Global Element Method Research Articles

An abstract data-type technique for scientific software

Numerical computation forms a substantial part of the total of world computing, and, as a result, large amounts of money are spent on the production, modification and maintenance of scientific software. A methodology based on an abstract data-type technique for algorithmic design has the potential to reduce numerical software development costs. This paper describes the abstract data-type development of GEM2, a package for solving two-dimensional single/coupled real/complex elliptic partial differential equations using the global-element method. We show that the abstract design of the GEM2 package, together with the use of an extensible implementation language (Algol 68), yields a family of packages able to handle a variety of problems but based on a single source code. Development and maintenance costs are reduced by this approach; we show that, at least in this case, run time efficiency is unimpaired.

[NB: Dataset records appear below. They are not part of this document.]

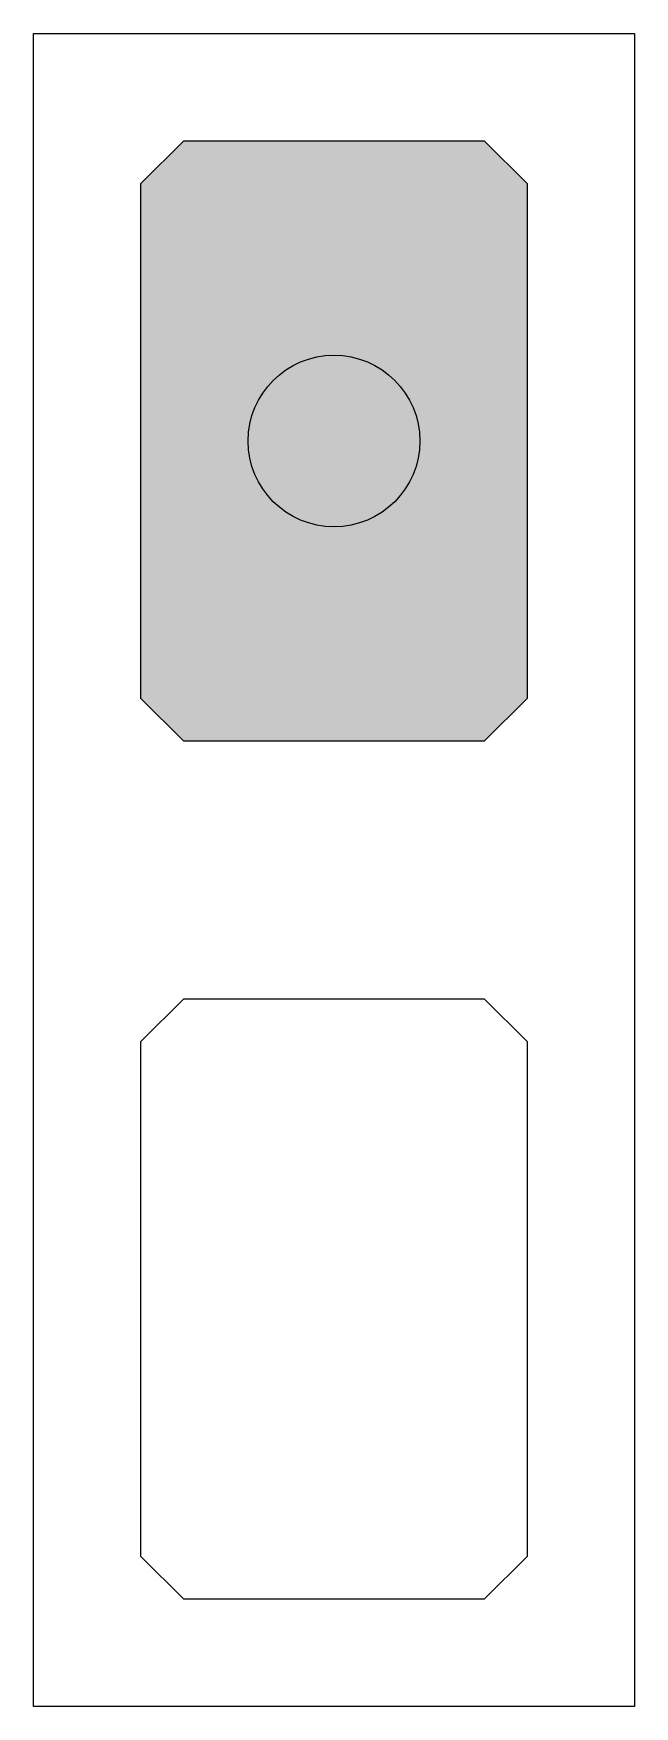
# Model space of a CAD drawing. Extents: x -1.9 to 86, y -1.6 to 60.9.
# Drawn here: x 39.257 to 39.537, y 44.707 to 45.487 of the extents above; entities that cross this region are included whole.
import ezdxf

# ---------------------------------------------------------------- set-up
doc = ezdxf.new("R2010")
doc.units = 0
doc.header["$MEASUREMENT"] = 0
for name, color, linetype in [('PENA_01', 1, 'CONTINUOUS'), ('PENA_02', 2, 'CONTINUOUS'), ('PENA_03', 3, 'CONTINUOUS'), ('PENA_11', 252, 'CONTINUOUS')]:
    doc.layers.add(name, color=color, linetype=linetype)

msp = doc.modelspace()

# ---------------------------------------------------------------- linework, layer by layer
at = {"layer": 'PENA_01', "linetype": 'Continuous'}
for points in [[(39.466996, 45.437314), (39.486996, 45.417314), (39.486996, 45.177314), (39.466996, 45.157314), (39.326996, 45.157314), (39.306996, 45.177314), (39.306996, 45.417314), (39.326996, 45.437314), (39.466996, 45.437314)], [(39.466996, 45.037314), (39.486996, 45.017314), (39.486996, 44.777314), (39.466996, 44.757314), (39.326996, 44.757314), (39.306996, 44.777314), (39.306996, 45.017314), (39.326996, 45.037314), (39.466996, 45.037314)]]:
    msp.add_lwpolyline(points, dxfattribs=at)
at = {"layer": 'PENA_02', "linetype": 'Continuous'}
msp.add_lwpolyline([(39.536996, 45.487314), (39.536996, 44.707314), (39.256996, 44.707314), (39.256996, 45.487314), (39.536996, 45.487314)], dxfattribs=at)
at = {"layer": 'PENA_03', "linetype": 'Continuous'}
msp.add_lwpolyline([(39.326996, 45.157314), (39.306996, 45.177314), (39.306996, 45.417314), (39.326996, 45.437314), (39.466996, 45.437314), (39.486996, 45.417314), (39.486996, 45.177314), (39.466996, 45.157314), (39.326996, 45.157314)], dxfattribs=at)
msp.add_circle((39.396996, 45.297314), 0.04, dxfattribs=at)
for points in [[(39.436996, 45.297314), (39.403942, 45.336707), (39.376996, 45.331955)], [(39.436996, 45.297314), (39.427638, 45.323026), (39.403942, 45.336707)], [(39.436996, 45.297314), (39.376996, 45.331955), (39.359408, 45.310995)], [(39.436996, 45.297314), (39.359408, 45.310995), (39.359408, 45.283634)], [(39.436996, 45.297314), (39.359408, 45.283634), (39.376996, 45.262673)], [(39.436996, 45.297314), (39.376996, 45.262673), (39.403942, 45.257922)], [(39.436996, 45.297314), (39.403942, 45.257922), (39.427638, 45.271603)], [(39.436996, 45.297314), (39.427638, 45.271603), (39.436996, 45.297314)]]:
    msp.add_solid(points, dxfattribs=at)
at = {"layer": 'PENA_11', "linetype": 'Continuous'}
for points in [[(39.326996, 45.157314), (39.306996, 45.417314), (39.326996, 45.437314)], [(39.326996, 45.157314), (39.326996, 45.437314), (39.466996, 45.437314)], [(39.326996, 45.157314), (39.466996, 45.437314), (39.486996, 45.417314)], [(39.326996, 45.157314), (39.306996, 45.177314), (39.306996, 45.417314)], [(39.326996, 45.157314), (39.486996, 45.417314), (39.486996, 45.177314)], [(39.326996, 45.157314), (39.486996, 45.177314), (39.466996, 45.157314)], [(39.326996, 45.157314), (39.466996, 45.157314), (39.326996, 45.157314)]]:
    msp.add_solid(points, dxfattribs=at)

doc.saveas('drawing.dxf')

The global element method applied to a discontinuous nuclear potential

A new variational technique, the Global Element Method (GEM), is applied to a well-known nuclear physics problem. The GEM enables the solution region to be divided into physically meaningful subregions and appropriate expansion functions to be used in each of these subregions. The continuity of the trial functions (and their derivatives) at the subregion interfaces, together with the prescribed boundary conditions is enforced by the variational principle. It is demonstrated that for the bound-state and scattering problems for a typical discontinuous nuclear potential, the GEM obtains significantly faster convergence rates than previous variational methods. Moreover this new approach will enable the major components of existing computer programs, using conventional global variational methods, to be reused after suitable modification. The GEM, with the possibility of high convergence rates, should hopefully prove to be a useful computational tool in many areas of computational physics.